Each record should reappear exactly in your answer, minus any picture.

(Exercise data begins)

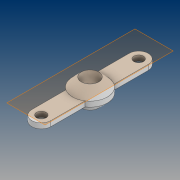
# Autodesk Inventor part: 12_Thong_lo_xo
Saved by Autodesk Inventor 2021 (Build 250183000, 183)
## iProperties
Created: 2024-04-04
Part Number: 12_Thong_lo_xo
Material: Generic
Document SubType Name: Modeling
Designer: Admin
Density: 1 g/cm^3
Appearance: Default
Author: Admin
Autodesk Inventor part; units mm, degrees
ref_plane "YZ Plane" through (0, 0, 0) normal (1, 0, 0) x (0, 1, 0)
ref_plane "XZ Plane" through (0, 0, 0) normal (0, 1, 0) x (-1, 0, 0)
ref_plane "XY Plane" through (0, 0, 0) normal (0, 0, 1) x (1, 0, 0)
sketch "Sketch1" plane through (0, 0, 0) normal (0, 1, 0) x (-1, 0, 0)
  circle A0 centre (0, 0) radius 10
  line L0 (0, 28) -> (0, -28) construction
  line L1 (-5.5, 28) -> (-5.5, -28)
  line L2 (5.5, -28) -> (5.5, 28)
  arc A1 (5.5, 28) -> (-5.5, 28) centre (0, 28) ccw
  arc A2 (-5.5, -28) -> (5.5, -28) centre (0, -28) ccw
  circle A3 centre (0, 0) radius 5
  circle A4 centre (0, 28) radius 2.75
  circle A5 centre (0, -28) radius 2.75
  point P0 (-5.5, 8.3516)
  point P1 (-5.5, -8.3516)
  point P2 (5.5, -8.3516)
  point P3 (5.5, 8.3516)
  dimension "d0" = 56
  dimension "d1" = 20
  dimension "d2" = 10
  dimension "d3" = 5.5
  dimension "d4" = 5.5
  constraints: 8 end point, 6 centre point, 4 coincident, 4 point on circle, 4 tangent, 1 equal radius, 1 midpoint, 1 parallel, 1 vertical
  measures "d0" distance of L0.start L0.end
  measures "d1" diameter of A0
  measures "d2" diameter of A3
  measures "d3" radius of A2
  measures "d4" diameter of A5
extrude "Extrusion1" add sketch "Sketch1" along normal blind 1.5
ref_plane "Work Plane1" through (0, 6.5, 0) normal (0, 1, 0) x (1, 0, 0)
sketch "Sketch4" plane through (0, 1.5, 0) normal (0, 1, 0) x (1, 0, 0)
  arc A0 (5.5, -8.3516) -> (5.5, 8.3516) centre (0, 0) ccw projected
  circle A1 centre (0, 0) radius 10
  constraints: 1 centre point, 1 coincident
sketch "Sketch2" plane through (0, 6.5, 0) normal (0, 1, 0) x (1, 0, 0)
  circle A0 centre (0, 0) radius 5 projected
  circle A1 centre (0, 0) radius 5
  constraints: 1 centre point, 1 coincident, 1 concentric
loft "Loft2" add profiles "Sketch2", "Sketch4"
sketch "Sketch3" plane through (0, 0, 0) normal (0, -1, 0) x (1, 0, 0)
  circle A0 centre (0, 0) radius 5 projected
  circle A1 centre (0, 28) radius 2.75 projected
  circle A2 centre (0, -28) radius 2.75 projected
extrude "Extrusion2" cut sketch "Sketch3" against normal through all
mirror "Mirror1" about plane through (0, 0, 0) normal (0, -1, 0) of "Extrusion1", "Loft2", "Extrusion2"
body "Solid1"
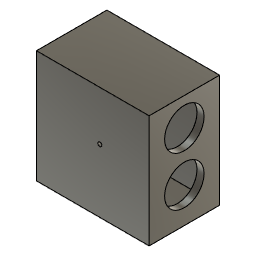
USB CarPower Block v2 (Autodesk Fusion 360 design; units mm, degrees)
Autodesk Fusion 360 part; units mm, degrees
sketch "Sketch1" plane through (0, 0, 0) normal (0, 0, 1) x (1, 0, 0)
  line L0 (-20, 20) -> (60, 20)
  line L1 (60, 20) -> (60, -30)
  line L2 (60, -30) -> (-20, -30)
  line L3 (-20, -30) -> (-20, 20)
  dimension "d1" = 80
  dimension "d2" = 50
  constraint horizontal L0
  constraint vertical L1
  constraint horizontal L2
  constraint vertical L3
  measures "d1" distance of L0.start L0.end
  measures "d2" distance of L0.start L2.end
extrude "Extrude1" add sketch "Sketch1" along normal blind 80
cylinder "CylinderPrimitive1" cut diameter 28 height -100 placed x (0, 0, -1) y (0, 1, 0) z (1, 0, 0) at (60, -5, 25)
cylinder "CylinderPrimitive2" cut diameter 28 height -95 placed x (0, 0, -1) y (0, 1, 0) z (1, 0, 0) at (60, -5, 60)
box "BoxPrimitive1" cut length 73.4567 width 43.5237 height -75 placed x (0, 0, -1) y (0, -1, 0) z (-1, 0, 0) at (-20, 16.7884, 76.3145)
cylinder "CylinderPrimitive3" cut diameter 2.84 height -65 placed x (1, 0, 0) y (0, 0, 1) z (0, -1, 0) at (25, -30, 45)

(Exercise data ends)

> _Solution_:
# Autodesk Inventor part: 12_Thong_lo_xo
Saved by Autodesk Inventor 2021 (Build 250183000, 183)
## iProperties
Created: 2024-04-04
Part Number: 12_Thong_lo_xo
Material: Generic
Document SubType Name: Modeling
Designer: Admin
Density: 1 g/cm^3
Appearance: Default
Author: Admin
Autodesk Inventor part; units mm, degrees
ref_plane "YZ Plane" through (0, 0, 0) normal (1, 0, 0) x (0, 1, 0)
ref_plane "XZ Plane" through (0, 0, 0) normal (0, 1, 0) x (-1, 0, 0)
ref_plane "XY Plane" through (0, 0, 0) normal (0, 0, 1) x (1, 0, 0)
sketch "Sketch1" plane through (0, 0, 0) normal (0, 1, 0) x (-1, 0, 0)
  circle A0 centre (0, 0) radius 10
  line L0 (0, 28) -> (0, -28) construction
  line L1 (-5.5, 28) -> (-5.5, -28)
  line L2 (5.5, -28) -> (5.5, 28)
  arc A1 (5.5, 28) -> (-5.5, 28) centre (0, 28) ccw
  arc A2 (-5.5, -28) -> (5.5, -28) centre (0, -28) ccw
  circle A3 centre (0, 0) radius 5
  circle A4 centre (0, 28) radius 2.75
  circle A5 centre (0, -28) radius 2.75
  point P0 (-5.5, 8.3516)
  point P1 (-5.5, -8.3516)
  point P2 (5.5, -8.3516)
  point P3 (5.5, 8.3516)
  dimension "d0" = 56
  dimension "d1" = 20
  dimension "d2" = 10
  dimension "d3" = 5.5
  dimension "d4" = 5.5
  constraints: 8 end point, 6 centre point, 4 coincident, 4 point on circle, 4 tangent, 1 equal radius, 1 midpoint, 1 parallel, 1 vertical
  measures "d0" distance of L0.start L0.end
  measures "d1" diameter of A0
  measures "d2" diameter of A3
  measures "d3" radius of A2
  measures "d4" diameter of A5
extrude "Extrusion1" add sketch "Sketch1" along normal blind 1.5
ref_plane "Work Plane1" through (0, 6.5, 0) normal (0, 1, 0) x (1, 0, 0)
sketch "Sketch4" plane through (0, 1.5, 0) normal (0, 1, 0) x (1, 0, 0)
  arc A0 (5.5, -8.3516) -> (5.5, 8.3516) centre (0, 0) ccw projected
  circle A1 centre (0, 0) radius 10
  constraints: 1 centre point, 1 coincident
sketch "Sketch2" plane through (0, 6.5, 0) normal (0, 1, 0) x (1, 0, 0)
  circle A0 centre (0, 0) radius 5 projected
  circle A1 centre (0, 0) radius 5
  constraints: 1 centre point, 1 coincident, 1 concentric
loft "Loft2" add profiles "Sketch2", "Sketch4"
sketch "Sketch3" plane through (0, 0, 0) normal (0, -1, 0) x (1, 0, 0)
  circle A0 centre (0, 0) radius 5 projected
  circle A1 centre (0, 28) radius 2.75 projected
  circle A2 centre (0, -28) radius 2.75 projected
extrude "Extrusion2" cut sketch "Sketch3" against normal through all
mirror "Mirror1" about plane through (0, 0, 0) normal (0, -1, 0) of "Extrusion1", "Loft2", "Extrusion2"
body "Solid1"
USB CarPower Block v2 (Autodesk Fusion 360 design; units mm, degrees)
Autodesk Fusion 360 part; units mm, degrees
sketch "Sketch1" plane through (0, 0, 0) normal (0, 0, 1) x (1, 0, 0)
  line L0 (-20, 20) -> (60, 20)
  line L1 (60, 20) -> (60, -30)
  line L2 (60, -30) -> (-20, -30)
  line L3 (-20, -30) -> (-20, 20)
  dimension "d1" = 80
  dimension "d2" = 50
  constraint horizontal L0
  constraint vertical L1
  constraint horizontal L2
  constraint vertical L3
  measures "d1" distance of L0.start L0.end
  measures "d2" distance of L0.start L2.end
extrude "Extrude1" add sketch "Sketch1" along normal blind 80
cylinder "CylinderPrimitive1" cut diameter 28 height -100 placed x (0, 0, -1) y (0, 1, 0) z (1, 0, 0) at (60, -5, 25)
cylinder "CylinderPrimitive2" cut diameter 28 height -95 placed x (0, 0, -1) y (0, 1, 0) z (1, 0, 0) at (60, -5, 60)
box "BoxPrimitive1" cut length 73.4567 width 43.5237 height -75 placed x (0, 0, -1) y (0, -1, 0) z (-1, 0, 0) at (-20, 16.7884, 76.3145)
cylinder "CylinderPrimitive3" cut diameter 2.84 height -65 placed x (1, 0, 0) y (0, 0, 1) z (0, -1, 0) at (25, -30, 45)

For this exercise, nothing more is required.